### About this task
Copy every line that contains the string "length" from the entries below.

### Input records
--------------------------------------------------

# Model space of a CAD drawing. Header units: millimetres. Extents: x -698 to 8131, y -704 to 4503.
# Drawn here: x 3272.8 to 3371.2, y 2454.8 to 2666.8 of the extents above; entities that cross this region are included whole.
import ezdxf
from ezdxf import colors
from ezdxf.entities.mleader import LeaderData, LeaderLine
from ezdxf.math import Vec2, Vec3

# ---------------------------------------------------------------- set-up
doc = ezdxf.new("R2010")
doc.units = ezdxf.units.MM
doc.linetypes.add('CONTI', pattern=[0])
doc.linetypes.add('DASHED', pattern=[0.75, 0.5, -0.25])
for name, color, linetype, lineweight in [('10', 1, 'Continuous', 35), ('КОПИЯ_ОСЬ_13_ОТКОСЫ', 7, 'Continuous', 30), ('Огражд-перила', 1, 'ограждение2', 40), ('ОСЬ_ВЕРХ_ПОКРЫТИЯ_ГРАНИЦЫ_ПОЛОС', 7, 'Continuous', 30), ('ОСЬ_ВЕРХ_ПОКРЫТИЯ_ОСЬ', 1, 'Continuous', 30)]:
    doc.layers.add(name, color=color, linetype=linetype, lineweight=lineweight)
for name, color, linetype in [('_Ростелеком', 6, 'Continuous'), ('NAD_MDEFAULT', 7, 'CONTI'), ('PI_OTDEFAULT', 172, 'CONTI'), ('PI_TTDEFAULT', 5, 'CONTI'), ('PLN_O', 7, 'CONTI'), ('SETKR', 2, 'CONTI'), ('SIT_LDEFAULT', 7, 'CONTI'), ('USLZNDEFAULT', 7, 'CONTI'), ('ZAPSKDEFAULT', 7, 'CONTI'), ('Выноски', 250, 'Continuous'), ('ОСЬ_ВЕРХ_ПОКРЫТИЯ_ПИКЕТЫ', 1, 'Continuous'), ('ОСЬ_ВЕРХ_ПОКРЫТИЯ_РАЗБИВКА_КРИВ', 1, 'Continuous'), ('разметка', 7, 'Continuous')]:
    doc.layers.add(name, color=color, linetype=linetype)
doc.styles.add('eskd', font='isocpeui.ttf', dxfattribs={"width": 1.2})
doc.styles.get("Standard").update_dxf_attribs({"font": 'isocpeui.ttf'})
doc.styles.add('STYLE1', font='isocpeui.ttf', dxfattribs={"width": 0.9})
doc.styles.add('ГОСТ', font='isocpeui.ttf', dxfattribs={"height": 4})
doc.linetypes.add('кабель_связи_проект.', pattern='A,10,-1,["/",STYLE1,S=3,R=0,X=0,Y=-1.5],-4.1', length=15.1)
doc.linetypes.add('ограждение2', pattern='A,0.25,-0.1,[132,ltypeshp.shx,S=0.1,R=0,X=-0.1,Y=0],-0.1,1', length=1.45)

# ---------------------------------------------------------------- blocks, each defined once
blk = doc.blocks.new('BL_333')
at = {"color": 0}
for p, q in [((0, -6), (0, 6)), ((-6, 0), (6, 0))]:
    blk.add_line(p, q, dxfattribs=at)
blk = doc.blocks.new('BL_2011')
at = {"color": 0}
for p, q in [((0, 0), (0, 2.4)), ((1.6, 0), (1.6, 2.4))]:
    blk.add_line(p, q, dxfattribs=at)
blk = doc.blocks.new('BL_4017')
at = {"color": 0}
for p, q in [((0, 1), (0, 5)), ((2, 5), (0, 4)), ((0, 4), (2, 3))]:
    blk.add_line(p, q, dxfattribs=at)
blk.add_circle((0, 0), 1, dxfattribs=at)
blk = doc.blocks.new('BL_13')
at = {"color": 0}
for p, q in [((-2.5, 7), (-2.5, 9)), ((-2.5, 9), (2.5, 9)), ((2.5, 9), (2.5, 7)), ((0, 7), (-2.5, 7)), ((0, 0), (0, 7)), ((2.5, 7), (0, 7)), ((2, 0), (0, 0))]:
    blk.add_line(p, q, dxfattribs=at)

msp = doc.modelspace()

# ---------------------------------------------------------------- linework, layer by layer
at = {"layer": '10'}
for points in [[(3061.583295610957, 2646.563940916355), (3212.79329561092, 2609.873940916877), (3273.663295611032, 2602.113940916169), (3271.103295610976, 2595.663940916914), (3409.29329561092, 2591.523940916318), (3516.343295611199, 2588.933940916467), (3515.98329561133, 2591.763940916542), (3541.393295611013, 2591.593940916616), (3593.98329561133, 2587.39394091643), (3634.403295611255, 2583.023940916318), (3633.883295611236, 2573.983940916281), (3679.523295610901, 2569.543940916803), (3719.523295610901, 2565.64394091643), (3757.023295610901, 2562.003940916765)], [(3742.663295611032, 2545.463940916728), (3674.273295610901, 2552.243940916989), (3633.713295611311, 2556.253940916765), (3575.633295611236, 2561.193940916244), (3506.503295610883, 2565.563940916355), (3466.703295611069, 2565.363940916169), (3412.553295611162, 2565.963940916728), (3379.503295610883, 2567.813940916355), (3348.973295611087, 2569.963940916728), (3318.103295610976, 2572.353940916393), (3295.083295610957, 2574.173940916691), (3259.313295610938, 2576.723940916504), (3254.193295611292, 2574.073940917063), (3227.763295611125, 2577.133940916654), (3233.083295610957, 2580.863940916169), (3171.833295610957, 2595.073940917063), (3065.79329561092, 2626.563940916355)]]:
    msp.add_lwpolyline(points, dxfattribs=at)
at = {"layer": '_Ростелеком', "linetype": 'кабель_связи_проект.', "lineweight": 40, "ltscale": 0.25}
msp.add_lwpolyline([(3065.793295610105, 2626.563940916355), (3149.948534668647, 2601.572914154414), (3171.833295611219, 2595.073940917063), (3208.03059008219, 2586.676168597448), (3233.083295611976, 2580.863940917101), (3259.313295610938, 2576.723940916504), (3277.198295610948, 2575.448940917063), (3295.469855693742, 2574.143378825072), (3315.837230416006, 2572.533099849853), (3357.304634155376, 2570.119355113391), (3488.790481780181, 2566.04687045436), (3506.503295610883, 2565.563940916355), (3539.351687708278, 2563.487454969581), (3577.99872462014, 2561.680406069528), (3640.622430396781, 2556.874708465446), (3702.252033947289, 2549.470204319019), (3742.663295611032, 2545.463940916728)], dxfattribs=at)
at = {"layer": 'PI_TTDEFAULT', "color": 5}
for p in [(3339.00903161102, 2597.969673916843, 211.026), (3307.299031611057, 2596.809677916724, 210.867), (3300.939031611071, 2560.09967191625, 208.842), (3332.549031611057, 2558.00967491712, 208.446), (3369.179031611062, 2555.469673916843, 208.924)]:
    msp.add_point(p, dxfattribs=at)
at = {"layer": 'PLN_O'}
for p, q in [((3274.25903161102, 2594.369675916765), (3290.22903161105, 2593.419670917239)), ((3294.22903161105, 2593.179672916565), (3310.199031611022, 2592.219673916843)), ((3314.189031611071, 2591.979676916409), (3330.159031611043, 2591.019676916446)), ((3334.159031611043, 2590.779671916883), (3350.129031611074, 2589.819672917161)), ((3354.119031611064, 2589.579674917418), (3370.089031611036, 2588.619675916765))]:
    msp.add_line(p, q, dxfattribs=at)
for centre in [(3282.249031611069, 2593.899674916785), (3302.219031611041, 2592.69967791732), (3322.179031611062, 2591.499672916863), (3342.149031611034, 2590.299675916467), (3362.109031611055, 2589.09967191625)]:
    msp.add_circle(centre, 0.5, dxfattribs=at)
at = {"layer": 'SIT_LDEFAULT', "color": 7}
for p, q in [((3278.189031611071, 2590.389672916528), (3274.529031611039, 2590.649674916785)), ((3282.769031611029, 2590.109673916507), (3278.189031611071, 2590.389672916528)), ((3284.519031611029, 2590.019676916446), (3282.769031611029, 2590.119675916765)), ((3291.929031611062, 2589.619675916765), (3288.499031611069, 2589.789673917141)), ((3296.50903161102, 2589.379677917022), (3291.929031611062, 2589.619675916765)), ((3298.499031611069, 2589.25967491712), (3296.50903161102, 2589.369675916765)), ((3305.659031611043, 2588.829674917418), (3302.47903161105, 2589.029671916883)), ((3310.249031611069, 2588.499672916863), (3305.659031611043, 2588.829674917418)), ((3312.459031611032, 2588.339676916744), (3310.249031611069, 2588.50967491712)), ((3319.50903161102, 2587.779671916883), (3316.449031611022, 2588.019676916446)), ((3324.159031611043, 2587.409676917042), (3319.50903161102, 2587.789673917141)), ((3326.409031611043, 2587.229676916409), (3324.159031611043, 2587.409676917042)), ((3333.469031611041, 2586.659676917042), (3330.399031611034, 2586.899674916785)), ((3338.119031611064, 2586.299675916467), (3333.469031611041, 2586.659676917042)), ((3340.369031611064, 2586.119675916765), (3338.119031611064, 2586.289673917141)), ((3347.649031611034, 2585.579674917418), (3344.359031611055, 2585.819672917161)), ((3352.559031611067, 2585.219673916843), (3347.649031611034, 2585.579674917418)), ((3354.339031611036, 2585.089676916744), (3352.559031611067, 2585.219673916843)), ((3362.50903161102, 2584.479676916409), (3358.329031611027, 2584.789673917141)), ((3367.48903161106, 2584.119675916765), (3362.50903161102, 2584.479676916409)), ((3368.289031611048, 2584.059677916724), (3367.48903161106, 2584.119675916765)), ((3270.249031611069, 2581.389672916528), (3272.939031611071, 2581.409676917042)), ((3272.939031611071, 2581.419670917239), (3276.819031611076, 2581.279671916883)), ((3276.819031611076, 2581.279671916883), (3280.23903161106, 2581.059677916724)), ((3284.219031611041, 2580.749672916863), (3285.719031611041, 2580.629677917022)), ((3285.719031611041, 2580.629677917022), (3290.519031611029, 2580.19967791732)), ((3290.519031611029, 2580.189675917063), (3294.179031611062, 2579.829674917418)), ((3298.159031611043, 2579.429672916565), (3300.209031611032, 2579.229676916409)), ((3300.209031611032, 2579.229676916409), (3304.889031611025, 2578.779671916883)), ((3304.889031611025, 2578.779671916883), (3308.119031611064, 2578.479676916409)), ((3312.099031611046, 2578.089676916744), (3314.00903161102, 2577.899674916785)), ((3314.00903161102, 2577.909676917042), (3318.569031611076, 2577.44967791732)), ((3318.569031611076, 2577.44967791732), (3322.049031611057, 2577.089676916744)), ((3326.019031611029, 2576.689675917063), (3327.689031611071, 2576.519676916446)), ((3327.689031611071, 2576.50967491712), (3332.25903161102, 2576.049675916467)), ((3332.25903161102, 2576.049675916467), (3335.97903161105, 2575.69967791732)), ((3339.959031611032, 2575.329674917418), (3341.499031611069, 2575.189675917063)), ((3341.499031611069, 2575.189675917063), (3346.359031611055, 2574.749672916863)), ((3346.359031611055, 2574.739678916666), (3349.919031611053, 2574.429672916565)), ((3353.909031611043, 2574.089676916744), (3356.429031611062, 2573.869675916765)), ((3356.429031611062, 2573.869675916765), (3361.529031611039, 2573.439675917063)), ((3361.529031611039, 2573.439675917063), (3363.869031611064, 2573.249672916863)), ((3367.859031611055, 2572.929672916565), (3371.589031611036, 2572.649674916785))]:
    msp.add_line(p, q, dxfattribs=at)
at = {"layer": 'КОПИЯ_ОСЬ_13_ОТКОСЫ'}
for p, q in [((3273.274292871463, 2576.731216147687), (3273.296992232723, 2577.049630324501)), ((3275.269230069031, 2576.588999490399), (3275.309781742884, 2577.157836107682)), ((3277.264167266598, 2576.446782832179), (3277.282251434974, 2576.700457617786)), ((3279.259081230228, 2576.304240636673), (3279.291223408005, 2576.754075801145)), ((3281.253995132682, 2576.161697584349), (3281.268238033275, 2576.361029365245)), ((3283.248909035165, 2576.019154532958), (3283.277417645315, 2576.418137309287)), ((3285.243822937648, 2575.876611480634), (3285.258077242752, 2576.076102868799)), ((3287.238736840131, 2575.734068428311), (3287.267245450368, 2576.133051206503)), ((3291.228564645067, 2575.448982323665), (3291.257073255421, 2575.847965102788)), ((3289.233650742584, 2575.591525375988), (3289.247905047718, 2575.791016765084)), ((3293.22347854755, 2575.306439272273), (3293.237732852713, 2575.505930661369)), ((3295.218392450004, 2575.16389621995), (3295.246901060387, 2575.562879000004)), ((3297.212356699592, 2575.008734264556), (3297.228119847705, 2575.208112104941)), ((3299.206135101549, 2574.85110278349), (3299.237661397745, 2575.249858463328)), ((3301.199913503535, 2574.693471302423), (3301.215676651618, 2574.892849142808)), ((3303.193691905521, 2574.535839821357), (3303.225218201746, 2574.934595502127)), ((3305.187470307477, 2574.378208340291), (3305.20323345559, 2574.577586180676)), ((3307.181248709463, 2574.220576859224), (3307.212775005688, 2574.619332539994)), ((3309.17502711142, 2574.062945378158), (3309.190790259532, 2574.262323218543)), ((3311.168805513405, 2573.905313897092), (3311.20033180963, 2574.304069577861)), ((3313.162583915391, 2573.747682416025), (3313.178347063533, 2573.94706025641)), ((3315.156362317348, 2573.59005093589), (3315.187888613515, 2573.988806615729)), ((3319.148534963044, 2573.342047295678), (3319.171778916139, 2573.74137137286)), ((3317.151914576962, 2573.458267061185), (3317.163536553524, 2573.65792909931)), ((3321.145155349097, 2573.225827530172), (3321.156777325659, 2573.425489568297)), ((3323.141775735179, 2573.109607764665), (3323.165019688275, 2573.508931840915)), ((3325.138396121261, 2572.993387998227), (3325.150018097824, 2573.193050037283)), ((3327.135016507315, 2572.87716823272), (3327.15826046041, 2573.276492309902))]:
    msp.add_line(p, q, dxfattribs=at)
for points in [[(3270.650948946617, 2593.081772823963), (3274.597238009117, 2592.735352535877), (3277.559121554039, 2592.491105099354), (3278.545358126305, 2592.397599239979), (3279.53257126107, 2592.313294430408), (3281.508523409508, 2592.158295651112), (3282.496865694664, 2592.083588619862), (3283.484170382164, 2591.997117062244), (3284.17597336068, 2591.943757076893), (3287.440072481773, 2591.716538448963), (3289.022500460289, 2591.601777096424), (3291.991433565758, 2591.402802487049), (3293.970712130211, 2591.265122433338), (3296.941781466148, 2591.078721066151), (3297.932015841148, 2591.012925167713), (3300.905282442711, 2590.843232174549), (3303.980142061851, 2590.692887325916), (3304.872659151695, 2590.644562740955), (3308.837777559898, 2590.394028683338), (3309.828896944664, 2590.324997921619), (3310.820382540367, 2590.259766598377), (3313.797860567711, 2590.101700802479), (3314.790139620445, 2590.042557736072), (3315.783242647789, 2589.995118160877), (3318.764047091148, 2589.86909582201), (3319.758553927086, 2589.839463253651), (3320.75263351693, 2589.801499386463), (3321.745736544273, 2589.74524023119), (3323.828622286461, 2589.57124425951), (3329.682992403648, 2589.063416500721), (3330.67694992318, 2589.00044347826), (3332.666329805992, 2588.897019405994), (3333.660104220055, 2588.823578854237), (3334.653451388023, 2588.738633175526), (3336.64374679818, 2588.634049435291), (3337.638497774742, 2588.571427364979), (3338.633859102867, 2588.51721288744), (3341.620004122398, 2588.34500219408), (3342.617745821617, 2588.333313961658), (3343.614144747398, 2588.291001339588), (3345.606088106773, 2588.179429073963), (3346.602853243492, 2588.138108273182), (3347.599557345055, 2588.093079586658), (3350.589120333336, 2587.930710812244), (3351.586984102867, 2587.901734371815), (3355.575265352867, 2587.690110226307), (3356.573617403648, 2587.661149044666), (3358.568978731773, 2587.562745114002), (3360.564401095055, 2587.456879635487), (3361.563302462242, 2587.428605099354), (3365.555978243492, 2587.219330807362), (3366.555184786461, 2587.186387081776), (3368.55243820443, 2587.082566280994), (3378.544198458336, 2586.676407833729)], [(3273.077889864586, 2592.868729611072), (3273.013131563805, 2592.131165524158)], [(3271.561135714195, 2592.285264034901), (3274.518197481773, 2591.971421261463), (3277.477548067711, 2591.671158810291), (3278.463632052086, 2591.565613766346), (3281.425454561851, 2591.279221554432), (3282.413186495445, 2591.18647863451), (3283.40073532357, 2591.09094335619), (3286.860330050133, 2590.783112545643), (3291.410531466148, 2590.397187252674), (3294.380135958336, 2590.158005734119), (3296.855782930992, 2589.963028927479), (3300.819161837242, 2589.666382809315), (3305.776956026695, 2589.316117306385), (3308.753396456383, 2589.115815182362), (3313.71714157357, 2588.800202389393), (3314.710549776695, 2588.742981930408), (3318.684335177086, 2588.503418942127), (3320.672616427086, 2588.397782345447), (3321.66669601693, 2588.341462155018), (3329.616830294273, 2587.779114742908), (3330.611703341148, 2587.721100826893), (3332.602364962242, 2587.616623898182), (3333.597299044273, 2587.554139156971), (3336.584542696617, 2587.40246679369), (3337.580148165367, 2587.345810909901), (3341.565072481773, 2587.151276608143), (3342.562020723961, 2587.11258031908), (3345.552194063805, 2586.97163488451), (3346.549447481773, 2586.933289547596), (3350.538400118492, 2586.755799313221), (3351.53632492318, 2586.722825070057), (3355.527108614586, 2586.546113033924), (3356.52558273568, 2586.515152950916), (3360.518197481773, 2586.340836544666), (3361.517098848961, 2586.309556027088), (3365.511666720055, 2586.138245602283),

--------------------------------------------------

### Completed exercise
doc.linetypes.add('кабель_связи_проект.', pattern='A,10,-1,["/",STYLE1,S=3,R=0,X=0,Y=-1.5],-4.1', length=15.1)
doc.linetypes.add('ограждение2', pattern='A,0.25,-0.1,[132,ltypeshp.shx,S=0.1,R=0,X=-0.1,Y=0],-0.1,1', length=1.45)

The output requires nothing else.